In our example, "company_domain": "not today" is not a valid domain.

Because company_domain is an output field of company:identity@3, we can find the correct value.

During processing, company:identity@3 detects that company_domain is of invalid format and replaces it with the correct value.

The result may look like this:

Healed record
{
    "id": 2,
    "name": "Tom Schmidt",
    "company_name": "Pipe0",
    "company_domain": "pipe0.com" // healed
}

Valid input values are not regenerated.
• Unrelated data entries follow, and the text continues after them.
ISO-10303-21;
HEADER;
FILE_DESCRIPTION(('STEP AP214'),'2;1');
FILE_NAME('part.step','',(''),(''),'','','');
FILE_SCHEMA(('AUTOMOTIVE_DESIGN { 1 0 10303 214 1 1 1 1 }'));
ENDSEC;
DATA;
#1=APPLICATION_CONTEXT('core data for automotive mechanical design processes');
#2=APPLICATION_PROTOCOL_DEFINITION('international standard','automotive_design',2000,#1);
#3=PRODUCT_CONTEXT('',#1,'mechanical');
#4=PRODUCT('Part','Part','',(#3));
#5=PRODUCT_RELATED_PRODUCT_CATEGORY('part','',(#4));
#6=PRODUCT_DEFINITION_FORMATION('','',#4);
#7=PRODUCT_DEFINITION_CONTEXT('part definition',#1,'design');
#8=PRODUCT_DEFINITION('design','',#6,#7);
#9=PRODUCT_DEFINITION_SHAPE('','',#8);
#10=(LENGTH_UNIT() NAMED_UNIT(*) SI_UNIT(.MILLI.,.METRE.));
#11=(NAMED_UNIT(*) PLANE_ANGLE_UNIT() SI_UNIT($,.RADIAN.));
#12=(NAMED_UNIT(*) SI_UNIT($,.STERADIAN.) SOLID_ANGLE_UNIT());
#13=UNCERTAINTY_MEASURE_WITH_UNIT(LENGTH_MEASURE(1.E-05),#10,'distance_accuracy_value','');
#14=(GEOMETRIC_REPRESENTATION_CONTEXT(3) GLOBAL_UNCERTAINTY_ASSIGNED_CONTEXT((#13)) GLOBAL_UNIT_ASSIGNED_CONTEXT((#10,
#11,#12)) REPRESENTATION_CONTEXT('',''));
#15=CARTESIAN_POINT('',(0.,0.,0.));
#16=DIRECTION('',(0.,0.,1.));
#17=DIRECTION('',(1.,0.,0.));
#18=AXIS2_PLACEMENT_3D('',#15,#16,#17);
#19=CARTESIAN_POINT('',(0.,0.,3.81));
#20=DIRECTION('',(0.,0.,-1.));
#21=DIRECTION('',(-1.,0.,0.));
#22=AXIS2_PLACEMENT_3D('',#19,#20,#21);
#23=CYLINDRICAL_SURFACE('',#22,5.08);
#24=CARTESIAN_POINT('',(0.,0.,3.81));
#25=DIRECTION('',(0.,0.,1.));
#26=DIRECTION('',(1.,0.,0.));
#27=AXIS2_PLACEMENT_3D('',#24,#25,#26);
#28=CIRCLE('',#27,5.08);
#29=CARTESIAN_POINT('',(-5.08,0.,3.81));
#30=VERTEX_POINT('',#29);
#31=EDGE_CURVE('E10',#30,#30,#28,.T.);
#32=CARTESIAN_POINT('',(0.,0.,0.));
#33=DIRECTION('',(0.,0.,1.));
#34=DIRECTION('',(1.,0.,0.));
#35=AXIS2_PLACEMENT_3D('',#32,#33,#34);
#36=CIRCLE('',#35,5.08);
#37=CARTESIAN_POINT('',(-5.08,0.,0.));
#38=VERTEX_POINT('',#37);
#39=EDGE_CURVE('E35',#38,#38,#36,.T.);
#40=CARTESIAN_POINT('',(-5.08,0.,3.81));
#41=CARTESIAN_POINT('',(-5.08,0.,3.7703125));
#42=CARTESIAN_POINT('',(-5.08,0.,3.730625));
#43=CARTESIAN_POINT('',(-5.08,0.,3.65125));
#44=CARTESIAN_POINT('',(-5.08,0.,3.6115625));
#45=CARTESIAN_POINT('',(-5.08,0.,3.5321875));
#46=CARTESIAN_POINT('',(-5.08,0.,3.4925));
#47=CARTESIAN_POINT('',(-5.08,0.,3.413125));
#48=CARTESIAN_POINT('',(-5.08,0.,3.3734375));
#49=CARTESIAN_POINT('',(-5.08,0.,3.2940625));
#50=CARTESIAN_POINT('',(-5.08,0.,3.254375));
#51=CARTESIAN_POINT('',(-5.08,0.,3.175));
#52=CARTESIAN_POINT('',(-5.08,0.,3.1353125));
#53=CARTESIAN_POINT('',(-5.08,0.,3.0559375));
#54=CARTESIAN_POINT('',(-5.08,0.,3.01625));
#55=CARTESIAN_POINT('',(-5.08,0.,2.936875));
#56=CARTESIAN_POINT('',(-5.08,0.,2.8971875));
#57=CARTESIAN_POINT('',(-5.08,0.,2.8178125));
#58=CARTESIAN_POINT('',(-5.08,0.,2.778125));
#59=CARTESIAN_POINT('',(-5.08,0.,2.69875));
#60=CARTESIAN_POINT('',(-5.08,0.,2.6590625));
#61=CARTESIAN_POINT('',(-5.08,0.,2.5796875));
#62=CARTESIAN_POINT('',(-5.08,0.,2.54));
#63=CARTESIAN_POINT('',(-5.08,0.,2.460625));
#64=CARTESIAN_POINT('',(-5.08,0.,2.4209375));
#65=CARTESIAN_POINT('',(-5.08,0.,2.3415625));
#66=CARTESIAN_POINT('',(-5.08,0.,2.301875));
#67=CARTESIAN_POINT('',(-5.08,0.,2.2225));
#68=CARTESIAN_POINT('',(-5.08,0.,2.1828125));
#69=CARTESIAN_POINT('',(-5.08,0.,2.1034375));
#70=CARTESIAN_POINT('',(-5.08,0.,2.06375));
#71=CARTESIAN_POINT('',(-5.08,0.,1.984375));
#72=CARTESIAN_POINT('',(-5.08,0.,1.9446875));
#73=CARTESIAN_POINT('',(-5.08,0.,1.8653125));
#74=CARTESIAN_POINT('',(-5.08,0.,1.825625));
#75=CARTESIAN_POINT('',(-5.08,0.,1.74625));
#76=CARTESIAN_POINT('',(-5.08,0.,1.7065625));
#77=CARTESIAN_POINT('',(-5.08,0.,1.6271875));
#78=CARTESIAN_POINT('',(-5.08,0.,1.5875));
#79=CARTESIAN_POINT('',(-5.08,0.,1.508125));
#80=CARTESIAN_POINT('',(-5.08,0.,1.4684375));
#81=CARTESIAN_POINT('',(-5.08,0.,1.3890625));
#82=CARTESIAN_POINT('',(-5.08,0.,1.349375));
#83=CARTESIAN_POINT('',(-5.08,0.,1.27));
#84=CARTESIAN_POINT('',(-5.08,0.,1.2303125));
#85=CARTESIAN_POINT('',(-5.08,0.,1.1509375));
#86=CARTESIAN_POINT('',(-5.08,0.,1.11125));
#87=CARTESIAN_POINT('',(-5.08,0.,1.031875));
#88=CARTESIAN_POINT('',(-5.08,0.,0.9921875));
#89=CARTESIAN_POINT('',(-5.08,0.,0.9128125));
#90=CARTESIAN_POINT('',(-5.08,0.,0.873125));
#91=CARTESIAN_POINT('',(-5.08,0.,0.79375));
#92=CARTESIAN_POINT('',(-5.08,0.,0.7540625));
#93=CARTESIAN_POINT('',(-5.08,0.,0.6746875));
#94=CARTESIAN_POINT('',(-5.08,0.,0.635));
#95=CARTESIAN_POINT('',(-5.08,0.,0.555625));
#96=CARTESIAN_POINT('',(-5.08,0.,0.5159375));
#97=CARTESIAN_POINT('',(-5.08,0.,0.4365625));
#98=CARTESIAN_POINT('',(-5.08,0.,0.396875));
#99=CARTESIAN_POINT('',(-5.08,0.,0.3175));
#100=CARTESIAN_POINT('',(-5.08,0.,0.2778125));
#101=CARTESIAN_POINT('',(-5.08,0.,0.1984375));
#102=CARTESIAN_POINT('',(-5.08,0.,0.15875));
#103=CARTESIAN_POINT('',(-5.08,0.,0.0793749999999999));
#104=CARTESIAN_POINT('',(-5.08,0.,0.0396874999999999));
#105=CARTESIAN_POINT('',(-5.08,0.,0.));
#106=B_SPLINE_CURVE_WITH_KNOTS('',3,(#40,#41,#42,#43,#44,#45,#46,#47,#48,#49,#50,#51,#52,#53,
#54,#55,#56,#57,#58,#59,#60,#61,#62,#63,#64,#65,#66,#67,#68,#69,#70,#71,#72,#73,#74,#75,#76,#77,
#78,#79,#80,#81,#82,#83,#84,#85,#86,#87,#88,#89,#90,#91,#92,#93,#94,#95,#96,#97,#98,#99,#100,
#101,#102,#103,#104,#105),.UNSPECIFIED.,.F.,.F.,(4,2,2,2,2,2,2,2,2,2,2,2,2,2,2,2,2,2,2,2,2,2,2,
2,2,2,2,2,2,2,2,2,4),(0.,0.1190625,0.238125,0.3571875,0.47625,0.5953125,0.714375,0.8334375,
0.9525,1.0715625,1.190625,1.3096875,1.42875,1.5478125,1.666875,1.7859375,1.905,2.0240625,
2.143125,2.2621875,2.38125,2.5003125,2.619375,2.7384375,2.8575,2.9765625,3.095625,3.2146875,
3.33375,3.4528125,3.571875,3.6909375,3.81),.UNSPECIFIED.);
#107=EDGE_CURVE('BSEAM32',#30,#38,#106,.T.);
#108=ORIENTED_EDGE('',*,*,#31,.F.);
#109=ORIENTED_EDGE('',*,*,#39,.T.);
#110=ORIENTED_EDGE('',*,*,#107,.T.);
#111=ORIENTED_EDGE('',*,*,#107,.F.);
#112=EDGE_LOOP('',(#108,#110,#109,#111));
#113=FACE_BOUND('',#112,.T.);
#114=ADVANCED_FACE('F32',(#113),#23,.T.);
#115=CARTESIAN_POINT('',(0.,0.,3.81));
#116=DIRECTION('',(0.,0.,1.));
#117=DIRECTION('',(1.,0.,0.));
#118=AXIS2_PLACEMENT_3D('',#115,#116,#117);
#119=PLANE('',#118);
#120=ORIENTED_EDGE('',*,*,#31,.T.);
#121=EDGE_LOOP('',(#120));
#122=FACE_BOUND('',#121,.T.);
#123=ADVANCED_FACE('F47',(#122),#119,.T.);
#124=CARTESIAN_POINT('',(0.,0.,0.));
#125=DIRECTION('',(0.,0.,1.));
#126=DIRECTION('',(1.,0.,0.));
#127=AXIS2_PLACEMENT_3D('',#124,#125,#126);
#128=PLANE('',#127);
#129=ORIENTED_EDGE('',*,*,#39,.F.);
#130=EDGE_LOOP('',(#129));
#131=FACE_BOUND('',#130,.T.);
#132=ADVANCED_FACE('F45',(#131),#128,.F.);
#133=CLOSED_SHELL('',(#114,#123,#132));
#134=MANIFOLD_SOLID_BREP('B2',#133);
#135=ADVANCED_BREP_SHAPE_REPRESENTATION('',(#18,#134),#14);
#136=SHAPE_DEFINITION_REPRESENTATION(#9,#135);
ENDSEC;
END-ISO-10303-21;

Instead, they are copied from the input to the record.

Incomplete data

It is common for input data to be incomplete.

Failing the entire task because one input object cannot be processed is impractical and annoying.

Partially missing input fields

If we find at least one input object that can be processed, pipeline validation will pass.

Take the following request payload:

One record can be processed
{
  "pipes": [
    {
      "pipe_id": "company:identity@3"
    }
  ],
  "input": [
    {
      "id": 1,
      "name": "Susi Jui",
      "company_name": "Pipe0"
    },
    { // CANNOT be processed by "company:identity@3"
      "id": 2
      // required `company_name` missing
    }
  ]
}

The pipe company:identity@3 requires the input field company_name which is not present in record id=2. In this case:

  • Pipeline validation passes.
  • Record id=1 is processed in full.
  • Record id=2 has failed fields.

No input object has the required input fields

Another example:

No record can be processed
{
  "pipes": [
    {
      "pipe_id": "company:identity@3"
    }
  ],
  "input": [
    { // CANNOT be processed by "company:identity@3"
      "id": 1,
      "name": "Susi Jui"
    },
    { // CANNOT be processed by "company:identity@3"
      "id": 2,
      "name": "Tom Schmidt"
    }
  ]
}

No input object has the required field company_name. The request will fail during request validation.

The entire task will fail before processing starts.

Never fail a task

In practice, dealing with failing tasks can be annoying. If you don't want to deal with failing tasks, there's an escape hatch: If you define the expected input fields and set them to null, pipeline validation will pass. The task will not fail. Instead, only individual fields fail.

Input expansion

Input expansion is an advanced concept that you can safely ignore if you don't plan to use pipe0 for complex UIs.

When you enrich data with pipe0 you transform your "input objects" into output records. An input object may look like this:

{
    "id": 2,
    "name": "Tom Schmidt"
}

Some interactions require you to reprocess previously processed fields. For this, it is common to transform your output records back to input objects. By doing so, previous processing information is lost. This includes metadata like the result of a waterfall, UI widgets, etc.

If you pass a plain value to the API, it will always be marked as resolved_by:input.

Instead of passing your input as a plain value, there is another way: Input expansion.

You can pass your inputs fully or partially expanded (as the field value of the response object).

Expanded input field
{
  "id": 2,
  "name": {
      "value": "Tom Schmidt",
      "status": "completed",
      "type": "string",
      "reason": null,
      "meta": null,
      "ui": {
        "severity": "none"
      }
  }
}

Expanding inputs gives control but shifts the responsibility of providing valid input states to you.